I'm sure there is a much more dynamic way of doing this, but I just hard coded the stuff you didn't want.
cordata %>%
arrange(Var1) %>%
mutate_at(vars(value, label), funs(
ifelse(row_number() > 1 & Var2 == "Urine" |
row_number() > 9 & Var2 == "Glucose"|
row_number() > 17 & Var2 == "Soil" |
row_number() > 25 & Var2 == "LB" |
row_number() > 33 & Var2 == "Gluconate" |
row_number() > 41 & Var2 == "River", NA, .))) %>%
ggplot(aes(x=Var1, y=Var2, fill=value)) +
geom_tile()+
theme(axis.text.x = element_text(angle=90, hjust=TRUE))+
xlab("") +
ylab("") +
geom_text(aes(label=label), size=txtsize)

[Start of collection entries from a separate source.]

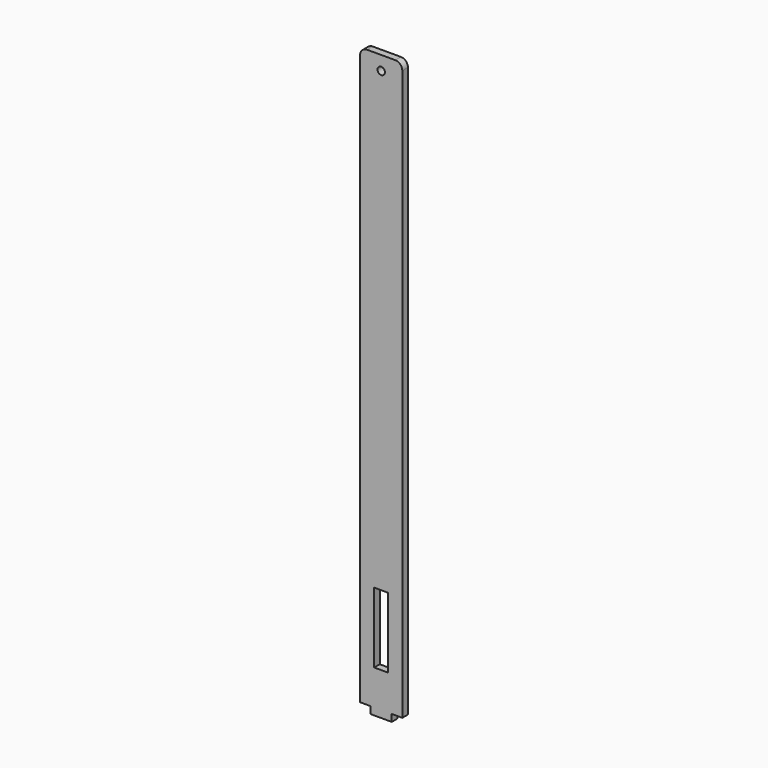
from build123d import *

# Parameters (mm, degrees)
F0_W     = 15
F0_H     = 5
F1_DEPTH = 2.5
F3_D     = 5.25
F4_R     = 5
F5_W     = 10
F5_H     = 50
F6_DEPTH = 10


with BuildPart() as f1:
    # F0 (on Front) → F1 (new body, symmetric)
    with BuildSketch(Plane.XZ):
        Polygon((15, -205), (15, 205), (-15, 205), (-15, -205), (-7.5, -205), (-7.5, -200), (7.5, -200), (7.5, -205), align=None)
        with Locations((0, -207.5)):
            Rectangle(F0_W, F0_H)
        with Locations((0, -202.5)):
            Rectangle(F0_W, F0_H)
    extrude(amount=F1_DEPTH, both=True)

    # F3 (through all)
    with Locations(Plane.XZ.offset(2.5)):
        with Locations((0, 195)):
            Hole(F3_D / 2)

    # F4
    f4_edges = [f1.edges().sort_by_distance(p)[0] for p in [
        (15, 0, 205),
        (-15, 0, 205),
    ]]
    fillet(f4_edges, radius=F4_R)

    # F5 (on face) → F6 (cut)
    with BuildSketch(Plane.XZ.offset(2.5)):
        with Locations((0, -155)):
            Rectangle(F5_W, F5_H)
    extrude(amount=-F6_DEPTH, mode=Mode.SUBTRACT)


solid = f1.part
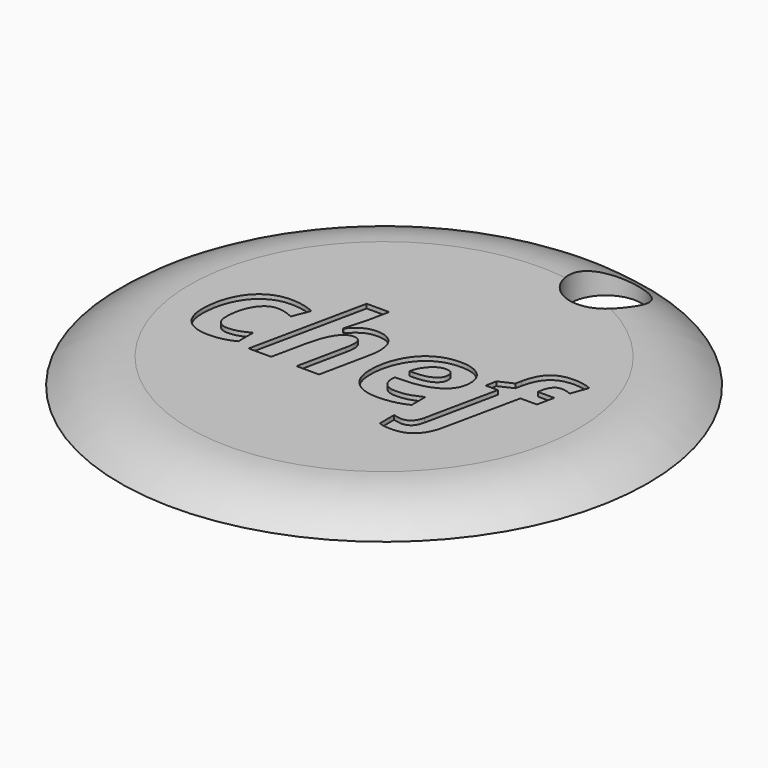
from build123d import *

# Parameters (mm, degrees)
F0_R         = 62.7695987609
F1_DEPTH     = 6.096
F2_R         = 8.559644156
F5_DEPTH     = 6.097
F7_TEXT_SIZE = 36.514049351
F8_DEPTH     = 1


# Not quite as in the source:
# - a fillet or chamfer that OpenCascade refuses, or shapes differently, is made with other operations: its cross-section is extruded or revolved along the edge and cut away or added
# - the program builds the solid bodies; features that only make, move or delete a surface that nothing else refers to are left out
# - Text() gives the source's letters only with a copy of the font that has no kerning and outlines rounded to 1/6400 em; it was checked with that copy


with BuildPart() as f1:
    # F0 (on Top) → F1 (new body)
    with BuildSketch(Plane.XY):
        Circle(F0_R)
    extrude(amount=F1_DEPTH)

    # F2 (on face) → F5 (cut, through all)
    with BuildSketch(Plane.XY.offset(6.096)):
        with Locations((14.7785907611, 47.4341027439)):
            Circle(F2_R)
    extrude(amount=-F5_DEPTH, mode=Mode.SUBTRACT)

    # F6: fillet of radius 25.4 on 1 edges, made by hand

    # F6_s1 → F6_t2 (revolve, cut)
    with BuildSketch(Plane.XZ):
        with BuildLine():
            ThreePointArc((62.7695987609, 0), (55.0603708251, 4.5233120599), (46.2615527226, 6.096))
            Line((46.2615527226, 6.096), (62.7695987609, 6.096))
            Line((62.7695987609, 6.096), (62.7695987609, 0))
        make_face()
    revolve(axis=Axis((0, 0, 6.096), (0, 0, 1)), mode=Mode.SUBTRACT)

    # F7 (on face) → F8 (cut)
    with BuildSketch(Plane.XY.offset(6.096)):
        with Locations((-40, -13.1450577664)):
            Text('chef', F7_TEXT_SIZE, font='Open Sans', font_style=FontStyle.BOLDITALIC, text_align=(TextAlign.LEFT, TextAlign.BOTTOM))
    extrude(amount=-F8_DEPTH, mode=Mode.SUBTRACT)


solid = f1.part

For some reason I could not get your color scheme to work on my computer. I'll also think about it some more and see if I can make this more dynamic.
EDIT:
I had another idea and this works way better. I'll keep the old one up for reference.
cordata %>%
arrange(Var1) %>%
group_by(Var1) %>%
filter(row_number() >= which(Var1 == Var2)) %>%
ggplot(aes(x=Var1, y=Var2, fill=value)) +
geom_tile() +
theme(axis.text.x = element_text(angle=90, hjust=TRUE)) +
xlab("") +
ylab("") +
geom_text(aes(label=label), size=txtsize)
What I'm doing here is saying that I want to filter out all the data that is below the position where Var1 = Var2 by group. This essentially deletes the lower half of the map, whereas the first approach only changes specific variable rows to NA.